> _MATERIAL FOR THIS TASK_:
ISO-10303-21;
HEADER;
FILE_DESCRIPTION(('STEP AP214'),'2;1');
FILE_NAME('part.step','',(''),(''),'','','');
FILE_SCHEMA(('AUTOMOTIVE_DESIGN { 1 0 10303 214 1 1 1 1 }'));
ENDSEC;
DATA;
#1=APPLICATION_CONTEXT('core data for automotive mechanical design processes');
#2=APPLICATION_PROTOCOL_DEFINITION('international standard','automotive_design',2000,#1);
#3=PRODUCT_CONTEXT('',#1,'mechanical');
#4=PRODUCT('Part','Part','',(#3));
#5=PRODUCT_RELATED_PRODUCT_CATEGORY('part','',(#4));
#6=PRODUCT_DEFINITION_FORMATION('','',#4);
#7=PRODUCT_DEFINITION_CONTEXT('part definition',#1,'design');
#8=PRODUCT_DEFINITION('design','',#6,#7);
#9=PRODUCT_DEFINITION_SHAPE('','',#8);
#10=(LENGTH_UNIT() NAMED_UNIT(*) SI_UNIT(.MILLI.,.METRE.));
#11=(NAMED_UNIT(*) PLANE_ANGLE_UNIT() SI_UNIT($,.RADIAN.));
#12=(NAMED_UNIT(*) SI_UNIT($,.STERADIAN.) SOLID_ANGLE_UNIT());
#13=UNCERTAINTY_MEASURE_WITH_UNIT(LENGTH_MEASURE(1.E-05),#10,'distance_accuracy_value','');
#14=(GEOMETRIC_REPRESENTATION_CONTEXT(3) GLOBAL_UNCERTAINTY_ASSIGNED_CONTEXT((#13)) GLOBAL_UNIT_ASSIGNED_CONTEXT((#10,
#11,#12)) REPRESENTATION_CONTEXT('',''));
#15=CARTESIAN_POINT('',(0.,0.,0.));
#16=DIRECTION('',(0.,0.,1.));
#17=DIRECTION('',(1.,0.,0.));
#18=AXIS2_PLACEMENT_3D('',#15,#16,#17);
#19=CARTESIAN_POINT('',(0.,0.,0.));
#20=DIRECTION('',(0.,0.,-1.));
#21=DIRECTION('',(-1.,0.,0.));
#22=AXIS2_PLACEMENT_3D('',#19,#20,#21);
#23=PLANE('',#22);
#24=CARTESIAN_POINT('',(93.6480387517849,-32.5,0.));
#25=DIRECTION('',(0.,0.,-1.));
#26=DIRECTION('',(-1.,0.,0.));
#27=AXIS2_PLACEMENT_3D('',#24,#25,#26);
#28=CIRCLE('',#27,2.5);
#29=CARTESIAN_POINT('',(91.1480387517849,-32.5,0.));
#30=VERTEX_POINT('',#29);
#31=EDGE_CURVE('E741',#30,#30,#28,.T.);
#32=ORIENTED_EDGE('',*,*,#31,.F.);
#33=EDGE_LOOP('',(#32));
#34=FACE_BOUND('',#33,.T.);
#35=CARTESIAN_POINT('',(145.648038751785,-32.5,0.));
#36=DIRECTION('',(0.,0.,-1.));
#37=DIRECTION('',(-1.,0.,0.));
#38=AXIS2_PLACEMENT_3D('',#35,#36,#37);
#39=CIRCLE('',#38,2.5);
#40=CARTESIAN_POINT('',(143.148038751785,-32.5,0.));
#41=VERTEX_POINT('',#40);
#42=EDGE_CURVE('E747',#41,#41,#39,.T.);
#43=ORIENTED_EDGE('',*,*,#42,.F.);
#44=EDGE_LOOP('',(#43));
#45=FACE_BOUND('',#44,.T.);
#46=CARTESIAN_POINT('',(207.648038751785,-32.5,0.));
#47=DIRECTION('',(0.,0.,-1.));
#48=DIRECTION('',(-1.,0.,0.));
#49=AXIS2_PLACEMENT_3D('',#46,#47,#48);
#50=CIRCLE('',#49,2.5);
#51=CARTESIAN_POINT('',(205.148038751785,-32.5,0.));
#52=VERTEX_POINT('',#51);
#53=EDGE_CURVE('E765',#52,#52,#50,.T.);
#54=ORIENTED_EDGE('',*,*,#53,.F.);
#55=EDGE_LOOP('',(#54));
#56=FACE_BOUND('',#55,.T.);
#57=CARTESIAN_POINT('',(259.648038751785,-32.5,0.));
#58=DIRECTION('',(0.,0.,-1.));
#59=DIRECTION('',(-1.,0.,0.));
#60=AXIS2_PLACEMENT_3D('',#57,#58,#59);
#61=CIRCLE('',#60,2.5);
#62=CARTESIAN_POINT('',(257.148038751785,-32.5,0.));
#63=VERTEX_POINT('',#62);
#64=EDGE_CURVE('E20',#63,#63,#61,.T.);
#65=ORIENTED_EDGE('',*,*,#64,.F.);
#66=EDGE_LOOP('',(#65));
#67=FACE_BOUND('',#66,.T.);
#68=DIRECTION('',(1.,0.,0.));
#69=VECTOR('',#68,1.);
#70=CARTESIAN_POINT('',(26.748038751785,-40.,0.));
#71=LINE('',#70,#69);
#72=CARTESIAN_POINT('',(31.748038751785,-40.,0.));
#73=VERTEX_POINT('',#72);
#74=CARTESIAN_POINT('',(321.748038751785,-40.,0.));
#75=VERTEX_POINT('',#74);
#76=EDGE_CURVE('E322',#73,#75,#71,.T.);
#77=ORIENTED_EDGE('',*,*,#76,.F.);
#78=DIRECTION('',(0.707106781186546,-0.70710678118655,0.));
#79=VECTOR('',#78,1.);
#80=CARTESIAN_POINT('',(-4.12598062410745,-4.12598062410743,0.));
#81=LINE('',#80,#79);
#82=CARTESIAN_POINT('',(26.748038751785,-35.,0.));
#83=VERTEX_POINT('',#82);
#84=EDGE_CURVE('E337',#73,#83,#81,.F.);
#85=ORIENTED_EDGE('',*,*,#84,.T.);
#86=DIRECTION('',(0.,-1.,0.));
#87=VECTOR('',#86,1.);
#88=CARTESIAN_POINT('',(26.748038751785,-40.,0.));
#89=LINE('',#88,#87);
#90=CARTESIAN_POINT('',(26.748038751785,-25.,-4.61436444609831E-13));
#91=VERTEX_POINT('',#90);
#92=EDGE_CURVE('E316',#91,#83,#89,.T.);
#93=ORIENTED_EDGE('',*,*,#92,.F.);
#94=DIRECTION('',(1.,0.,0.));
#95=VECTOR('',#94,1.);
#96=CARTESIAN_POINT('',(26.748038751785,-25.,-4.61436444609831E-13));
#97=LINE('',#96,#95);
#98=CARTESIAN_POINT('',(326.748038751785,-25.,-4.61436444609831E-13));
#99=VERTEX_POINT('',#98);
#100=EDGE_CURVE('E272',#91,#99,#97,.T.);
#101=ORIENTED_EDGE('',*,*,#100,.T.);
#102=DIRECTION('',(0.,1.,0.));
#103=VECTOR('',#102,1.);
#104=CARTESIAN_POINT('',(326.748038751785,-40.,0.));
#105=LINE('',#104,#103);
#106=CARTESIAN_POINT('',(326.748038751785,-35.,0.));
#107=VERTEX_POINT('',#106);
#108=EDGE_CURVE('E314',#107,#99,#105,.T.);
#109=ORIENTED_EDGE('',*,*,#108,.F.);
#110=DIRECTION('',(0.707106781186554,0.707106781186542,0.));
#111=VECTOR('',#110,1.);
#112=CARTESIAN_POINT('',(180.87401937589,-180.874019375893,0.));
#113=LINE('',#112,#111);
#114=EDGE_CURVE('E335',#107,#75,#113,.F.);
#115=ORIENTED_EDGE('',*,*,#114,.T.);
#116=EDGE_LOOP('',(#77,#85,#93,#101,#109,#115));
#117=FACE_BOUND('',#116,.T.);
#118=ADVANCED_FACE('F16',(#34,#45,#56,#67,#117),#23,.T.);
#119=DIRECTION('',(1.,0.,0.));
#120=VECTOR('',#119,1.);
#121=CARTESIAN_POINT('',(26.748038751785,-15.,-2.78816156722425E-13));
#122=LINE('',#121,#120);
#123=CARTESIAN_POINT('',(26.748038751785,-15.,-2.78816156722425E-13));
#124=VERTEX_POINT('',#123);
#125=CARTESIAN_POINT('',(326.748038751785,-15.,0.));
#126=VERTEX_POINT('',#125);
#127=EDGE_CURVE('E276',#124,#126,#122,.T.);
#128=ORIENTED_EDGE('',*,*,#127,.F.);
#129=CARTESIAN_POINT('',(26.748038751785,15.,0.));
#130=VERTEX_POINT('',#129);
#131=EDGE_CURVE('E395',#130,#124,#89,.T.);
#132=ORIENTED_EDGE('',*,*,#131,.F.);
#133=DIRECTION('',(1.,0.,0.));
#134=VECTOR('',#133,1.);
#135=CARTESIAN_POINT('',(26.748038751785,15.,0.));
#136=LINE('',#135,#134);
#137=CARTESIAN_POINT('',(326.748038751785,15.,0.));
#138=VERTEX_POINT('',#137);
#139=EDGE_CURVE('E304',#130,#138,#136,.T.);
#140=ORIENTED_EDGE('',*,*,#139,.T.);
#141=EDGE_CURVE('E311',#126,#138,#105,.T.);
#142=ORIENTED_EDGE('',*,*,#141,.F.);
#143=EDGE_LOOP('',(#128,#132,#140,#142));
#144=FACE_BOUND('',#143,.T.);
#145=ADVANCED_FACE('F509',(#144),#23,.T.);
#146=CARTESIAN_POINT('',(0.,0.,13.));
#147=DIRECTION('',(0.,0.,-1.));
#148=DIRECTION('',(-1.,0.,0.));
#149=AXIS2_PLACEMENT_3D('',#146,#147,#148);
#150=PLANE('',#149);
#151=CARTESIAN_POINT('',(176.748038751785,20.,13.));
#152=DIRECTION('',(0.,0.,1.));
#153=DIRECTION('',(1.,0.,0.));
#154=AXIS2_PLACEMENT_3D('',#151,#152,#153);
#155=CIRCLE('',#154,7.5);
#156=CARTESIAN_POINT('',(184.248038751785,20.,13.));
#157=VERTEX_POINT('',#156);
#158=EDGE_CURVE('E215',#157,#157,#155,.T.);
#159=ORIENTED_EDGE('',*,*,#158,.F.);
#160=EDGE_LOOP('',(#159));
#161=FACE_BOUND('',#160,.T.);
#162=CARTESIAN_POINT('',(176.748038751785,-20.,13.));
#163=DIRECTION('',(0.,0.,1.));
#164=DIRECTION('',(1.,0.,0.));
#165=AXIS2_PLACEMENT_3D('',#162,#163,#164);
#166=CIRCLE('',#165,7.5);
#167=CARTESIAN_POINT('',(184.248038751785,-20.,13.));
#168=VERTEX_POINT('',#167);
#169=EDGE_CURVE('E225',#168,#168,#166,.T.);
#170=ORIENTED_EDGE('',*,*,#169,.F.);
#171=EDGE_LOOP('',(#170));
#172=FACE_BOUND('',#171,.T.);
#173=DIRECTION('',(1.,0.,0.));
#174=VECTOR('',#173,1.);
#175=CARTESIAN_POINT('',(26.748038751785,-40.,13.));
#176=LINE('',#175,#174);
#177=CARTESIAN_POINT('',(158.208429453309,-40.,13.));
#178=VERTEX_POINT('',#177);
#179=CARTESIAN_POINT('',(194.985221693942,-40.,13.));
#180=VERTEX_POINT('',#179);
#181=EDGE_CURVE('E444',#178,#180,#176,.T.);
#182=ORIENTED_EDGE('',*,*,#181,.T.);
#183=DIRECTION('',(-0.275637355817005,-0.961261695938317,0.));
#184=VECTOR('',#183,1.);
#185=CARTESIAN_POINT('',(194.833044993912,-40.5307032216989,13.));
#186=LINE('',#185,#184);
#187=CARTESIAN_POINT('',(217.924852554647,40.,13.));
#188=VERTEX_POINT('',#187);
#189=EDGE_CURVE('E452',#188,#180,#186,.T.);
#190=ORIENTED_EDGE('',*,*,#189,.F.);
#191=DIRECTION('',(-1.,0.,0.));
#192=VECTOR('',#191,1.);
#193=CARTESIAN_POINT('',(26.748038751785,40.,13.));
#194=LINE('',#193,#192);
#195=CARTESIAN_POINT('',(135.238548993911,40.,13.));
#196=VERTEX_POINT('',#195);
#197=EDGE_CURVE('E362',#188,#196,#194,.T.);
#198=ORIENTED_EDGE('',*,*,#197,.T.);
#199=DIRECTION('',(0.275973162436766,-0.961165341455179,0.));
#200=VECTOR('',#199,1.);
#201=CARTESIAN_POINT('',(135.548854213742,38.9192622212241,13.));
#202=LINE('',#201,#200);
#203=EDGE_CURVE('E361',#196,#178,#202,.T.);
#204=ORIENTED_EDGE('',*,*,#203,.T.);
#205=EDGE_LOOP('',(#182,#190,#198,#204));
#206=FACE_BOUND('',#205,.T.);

> _PROBLEM DETAILS_: Return only the stretch of the material above from the line holding "#33=EDGE_LOOP('',(#32));" through the line holding "#46=CARTESIAN_POINT('',(207.648038751785,-32.5,0.));", copied exactly.

> _FINISHED EXERCISE_:
#33=EDGE_LOOP('',(#32));
#34=FACE_BOUND('',#33,.T.);
#35=CARTESIAN_POINT('',(145.648038751785,-32.5,0.));
#36=DIRECTION('',(0.,0.,-1.));
#37=DIRECTION('',(-1.,0.,0.));
#38=AXIS2_PLACEMENT_3D('',#35,#36,#37);
#39=CIRCLE('',#38,2.5);
#40=CARTESIAN_POINT('',(143.148038751785,-32.5,0.));
#41=VERTEX_POINT('',#40);
#42=EDGE_CURVE('E747',#41,#41,#39,.T.);
#43=ORIENTED_EDGE('',*,*,#42,.F.);
#44=EDGE_LOOP('',(#43));
#45=FACE_BOUND('',#44,.T.);
#46=CARTESIAN_POINT('',(207.648038751785,-32.5,0.));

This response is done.